Alert Example Library

Below are common alert configuration examples. Each example includes a description and a ready-to-import config hash.

Parallel Calls on a Trunk

This alert is based on “parallel calls” session tracking which keeps track for trunk’s both incoming and outgoing calls (key attrs.dst_ca_name|attrs.src_ca_name) and raises an alert if number of sessions exceeds a threshold for the respective trunk.


Low QoS

The alert type is “string-match” and it looks for call-end event types that show either’s direction average MOS dropped below 3.0. Example expression: attrs.rtp-MOScqex-avg-a>3.0 & attrs.rtp-MOScqex-avg-b>3.0.


Failing Destination Trunk

Ratio alerts detect if a subset of events exceeds a percentage and is often used to detect situations when percentage of failure is beyond acceptable. Here we observe share of "call-attempt" events with specific SIP code (e.g. attrs.sip-code~'404|408|500|503') in the mix of all failed call attempts and call starts. The percentage is determined and alert raised individually for every Call-Agent (trunk) as the alert key is attrs.dst_ca_name.


Long Calls

Long calls may be easily detected by checking the attribute attrs.duration in call-end events. Use alert type string-match and a matching expression like attrs.type='call-end' & attrs.duration>3600 to alert on calls over one hour in length.


Unstable Registrar

A rapid decrease or increase in registrations typically indicates a connectivity issue with a registrar or a registration "avalanche". The sudden-change alert type observes occurrence for some events (e.g. attrs.type='reg-expired'). An alert is raised if a short-term occurrence departs from smoothened mid-term occurrence more than by a threshold. The alert key is tenant id (tls-cn).


Telemarketer

A telemarketer is detected by an abnormally high ratio of calls that are declined or terminated within the first few seconds of a call (attrs.duration<5). The alert relates to users and thus the key is set to attrs.from. The detection is implemented using the ratio alert type by alerting on a high percentage of such short-duration calls.


Region Skipper

Abnormally many regions from which a user accesses a service may be a sign of a frequent traveller, or worse, a remote attacker. The memory alert type observes users keyed by attrs.from and associates their geographic regions with them as in geoip.region_code. An alert is raised if too many new regions are discovered.

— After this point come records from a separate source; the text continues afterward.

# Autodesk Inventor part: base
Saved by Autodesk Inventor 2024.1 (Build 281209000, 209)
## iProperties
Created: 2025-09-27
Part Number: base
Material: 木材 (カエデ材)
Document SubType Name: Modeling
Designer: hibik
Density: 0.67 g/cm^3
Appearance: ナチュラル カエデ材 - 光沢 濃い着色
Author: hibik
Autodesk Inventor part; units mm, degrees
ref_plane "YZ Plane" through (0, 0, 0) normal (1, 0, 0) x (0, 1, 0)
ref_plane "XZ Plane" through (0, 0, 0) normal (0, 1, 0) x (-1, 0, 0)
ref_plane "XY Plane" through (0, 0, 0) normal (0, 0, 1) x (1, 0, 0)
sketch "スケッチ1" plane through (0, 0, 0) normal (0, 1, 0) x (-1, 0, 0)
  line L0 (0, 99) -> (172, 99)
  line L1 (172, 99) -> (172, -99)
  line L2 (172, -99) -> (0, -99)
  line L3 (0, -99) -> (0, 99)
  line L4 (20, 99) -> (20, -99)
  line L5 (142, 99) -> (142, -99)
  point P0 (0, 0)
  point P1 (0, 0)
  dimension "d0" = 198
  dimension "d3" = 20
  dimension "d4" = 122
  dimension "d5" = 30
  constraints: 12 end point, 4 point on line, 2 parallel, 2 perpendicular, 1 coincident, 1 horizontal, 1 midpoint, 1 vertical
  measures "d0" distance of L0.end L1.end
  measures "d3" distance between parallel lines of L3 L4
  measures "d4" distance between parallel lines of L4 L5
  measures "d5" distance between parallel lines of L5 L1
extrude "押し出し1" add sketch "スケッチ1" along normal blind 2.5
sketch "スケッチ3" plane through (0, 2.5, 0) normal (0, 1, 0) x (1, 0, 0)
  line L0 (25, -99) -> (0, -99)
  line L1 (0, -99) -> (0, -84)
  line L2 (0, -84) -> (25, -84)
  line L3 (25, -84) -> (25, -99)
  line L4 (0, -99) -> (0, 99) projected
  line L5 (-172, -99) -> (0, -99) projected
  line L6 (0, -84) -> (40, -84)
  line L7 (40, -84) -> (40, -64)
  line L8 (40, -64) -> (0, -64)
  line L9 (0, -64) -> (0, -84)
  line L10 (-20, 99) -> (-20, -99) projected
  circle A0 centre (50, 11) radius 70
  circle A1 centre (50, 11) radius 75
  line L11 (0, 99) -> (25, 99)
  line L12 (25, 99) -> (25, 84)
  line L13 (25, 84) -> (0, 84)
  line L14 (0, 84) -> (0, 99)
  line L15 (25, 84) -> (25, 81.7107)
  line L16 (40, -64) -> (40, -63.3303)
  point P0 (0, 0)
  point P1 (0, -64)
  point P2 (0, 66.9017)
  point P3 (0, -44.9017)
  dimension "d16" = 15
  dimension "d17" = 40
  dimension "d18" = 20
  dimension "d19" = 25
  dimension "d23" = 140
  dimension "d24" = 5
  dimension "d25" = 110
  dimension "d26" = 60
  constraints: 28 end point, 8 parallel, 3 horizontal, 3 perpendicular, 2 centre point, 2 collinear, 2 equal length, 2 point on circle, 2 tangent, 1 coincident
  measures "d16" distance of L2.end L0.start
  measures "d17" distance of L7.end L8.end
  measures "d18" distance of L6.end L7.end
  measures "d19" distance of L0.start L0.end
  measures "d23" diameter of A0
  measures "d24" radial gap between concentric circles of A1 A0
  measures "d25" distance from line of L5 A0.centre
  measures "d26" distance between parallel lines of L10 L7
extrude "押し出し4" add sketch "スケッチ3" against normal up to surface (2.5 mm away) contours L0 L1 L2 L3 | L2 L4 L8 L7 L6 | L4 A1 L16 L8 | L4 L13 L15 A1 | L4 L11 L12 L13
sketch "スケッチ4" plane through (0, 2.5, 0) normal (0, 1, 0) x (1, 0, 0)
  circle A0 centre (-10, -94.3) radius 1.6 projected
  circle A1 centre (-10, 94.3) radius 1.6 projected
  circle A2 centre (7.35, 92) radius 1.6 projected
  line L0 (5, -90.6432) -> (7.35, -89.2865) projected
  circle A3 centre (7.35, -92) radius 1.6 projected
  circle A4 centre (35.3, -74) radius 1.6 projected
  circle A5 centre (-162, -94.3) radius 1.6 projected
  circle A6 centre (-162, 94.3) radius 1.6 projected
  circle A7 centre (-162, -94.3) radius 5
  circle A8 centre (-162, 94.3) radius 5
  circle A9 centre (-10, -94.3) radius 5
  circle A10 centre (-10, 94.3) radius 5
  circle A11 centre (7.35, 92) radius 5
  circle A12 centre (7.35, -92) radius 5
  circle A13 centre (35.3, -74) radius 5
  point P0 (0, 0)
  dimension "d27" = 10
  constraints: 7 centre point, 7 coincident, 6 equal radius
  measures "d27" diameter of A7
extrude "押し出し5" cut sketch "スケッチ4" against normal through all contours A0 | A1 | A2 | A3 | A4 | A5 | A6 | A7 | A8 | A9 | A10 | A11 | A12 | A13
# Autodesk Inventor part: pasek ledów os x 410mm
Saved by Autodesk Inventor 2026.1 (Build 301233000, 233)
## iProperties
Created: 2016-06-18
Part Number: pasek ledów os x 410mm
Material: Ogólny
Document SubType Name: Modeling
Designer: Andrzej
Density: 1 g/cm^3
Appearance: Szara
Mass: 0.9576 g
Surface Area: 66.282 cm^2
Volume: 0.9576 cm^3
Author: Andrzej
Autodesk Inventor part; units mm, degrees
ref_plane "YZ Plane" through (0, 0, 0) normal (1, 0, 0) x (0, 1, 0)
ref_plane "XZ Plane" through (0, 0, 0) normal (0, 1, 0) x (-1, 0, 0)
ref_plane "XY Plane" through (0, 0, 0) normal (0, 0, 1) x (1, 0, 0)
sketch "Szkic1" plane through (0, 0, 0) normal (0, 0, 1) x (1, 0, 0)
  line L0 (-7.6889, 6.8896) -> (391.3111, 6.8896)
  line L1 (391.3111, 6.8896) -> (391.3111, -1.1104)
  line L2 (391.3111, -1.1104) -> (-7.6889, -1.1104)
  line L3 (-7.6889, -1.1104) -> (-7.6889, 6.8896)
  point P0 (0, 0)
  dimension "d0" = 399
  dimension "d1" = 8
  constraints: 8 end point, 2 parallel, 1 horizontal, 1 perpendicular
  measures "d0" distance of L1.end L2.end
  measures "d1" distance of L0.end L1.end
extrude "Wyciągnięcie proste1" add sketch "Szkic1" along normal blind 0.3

IP Failing to Authenticate

Too frequent failures to authenticate from an IP address may be caused by an innocently forgotten password, but at a higher rate they may indicate an attempt to guess a password. This rate alert looks at failing authentications (attrs.type='auth-failed') and relates to originating IP addresses (attrs.source). The alert is raised when 5 failures occur within 5 minutes.


New User-Agent

It may be useful to alert on traffic from a new User-Agent. This may indicate an attack, a firmware update, or a new type of device. The memory alert type observes UAs keyed by attrs.from-ua and associates the UA name. An alert is raised on the very first occurrence of a user-agent.


DDoS Detection

If a traffic probe supports detection of attacker signature, a high presence of failed calls coming from SIP user-agent with a specific signature indicates a distributed attack. The ratio alert type can be used to detect this pattern.


More Information


tip

For best results, tailor alert keys and expressions to your environment and monitoring needs.

Footnotes

[1] MOS score (Mean Opinion Score) is a standard measure for voice quality in VoIP systems, typically ranging from 1 (bad) to 5 (excellent). A low MOS score indicates poor call quality, often due to network issues such as packet loss, jitter, or latency.